Even though medical school graduates can command high salaries — the median salary was $208,000 in 2021 — it can take years to start earning that much, and student loan payments can eat up a significant portion of your income in the meantime.

If you are interested in paying off medical school debt as quickly as possible, the key is understanding all of your options.

How to pay off medical school debt

Whether you have federal or private student loans (or a mixture of both), your debt may be overwhelming. However, you can tackle your loans, get rid of your debt faster, and save a substantial amount of money with these tips:

1. Make payments during your residency

After medical school, you’ll typically enter a residency program. Residencies last for several years and give you on-the-job training under the supervision of licensed physicians.

During your residency, you will earn a salary. The American Medical Association reported that residents make $60,000 per year on average.

Although that amount is lower than what you’d earn as a licensed physician, it can still give you a livable income. And if you can make payments on your student loans during your residency instead of deferring them, you can cut down on interest charges and save money.

2. Take advantage of tax deductions

With the student loan interest tax deduction, you can deduct up to $2,500 in student loan interest or the actual amount of interest you paid, whichever is less. The student loan interest tax deduction is an above-the-line deduction, so you can claim it even if you don’t itemize your deductions.
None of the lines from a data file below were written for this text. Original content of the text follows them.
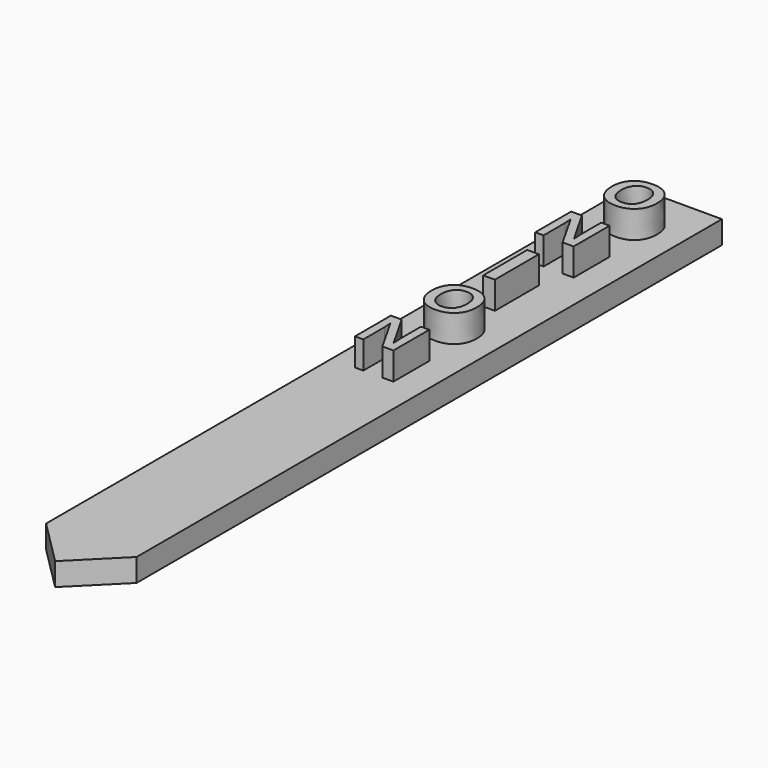
from build123d import *

# Parameters (mm, degrees)
F1_DEPTH       = 2.5
F2_TEXT_SIZE   = 7.1414709878
F2_TEXT_SIZE_2 = 8.4274603675
F3_DEPTH       = 3


# Not quite as in the source:
# - Text() gives the source's letters only with a copy of the font that has no kerning and outlines rounded to 1/6400 em; it was checked with that copy


with BuildPart() as f1:
    # F0 (on Top) → F1 (new body)
    with BuildSketch(Plane.XY):
        Polygon((-4.9497474683, 4.9497474683), (0, 0), (4.9497474683, 4.9497474683), (4.9497474683, 84.9497474683), (-4.9497474683, 84.9497474683), align=None)
    extrude(amount=F1_DEPTH)

    # F2 (on face) → F3 (join)
    with BuildSketch(Plane.XY.offset(2.5)):
        with Locations((-2.8579389353, 76.8078883571)):
            Text('O', F2_TEXT_SIZE, font='Arimo', font_style=FontStyle.BOLD, text_align=(TextAlign.LEFT, TextAlign.BOTTOM))
        with Locations((-2.8579389353, 68.5951967212)):
            Text('N', F2_TEXT_SIZE, font='Arimo', font_style=FontStyle.BOLD, text_align=(TextAlign.LEFT, TextAlign.BOTTOM))
        with Locations((-2.8579389353, 52.1698134493)):
            Text('O', F2_TEXT_SIZE, font='Arimo', font_style=FontStyle.BOLD, text_align=(TextAlign.LEFT, TextAlign.BOTTOM))
        with Locations((-2.8579389353, 43.9571218133)):
            Text('N', F2_TEXT_SIZE, font='Arimo', font_style=FontStyle.BOLD, text_align=(TextAlign.LEFT, TextAlign.BOTTOM))
        with Locations((-1.6298454786, 59.6010945737)):
            Text('I', F2_TEXT_SIZE_2, font='Open Sans', font_style=FontStyle.BOLD, text_align=(TextAlign.LEFT, TextAlign.BOTTOM))
    extrude(amount=F3_DEPTH)


solid = f1.part

You likely won’t qualify for the student loan interest tax deduction once you begin working full-time as a physician, but during your residency, you might. You can claim the full value of the deduction as long as your modified adjusted gross income (MAGI) is below $70,000 ($140,000 if married filing jointly). You may be able to claim a reduced amount if your income is $70,000 to $85,000 ($140,000 to $170,000 if married filing jointly), and you’re ineligible for the deduction if your MAGI is over $85,000 ($170,000 if married filing jointly).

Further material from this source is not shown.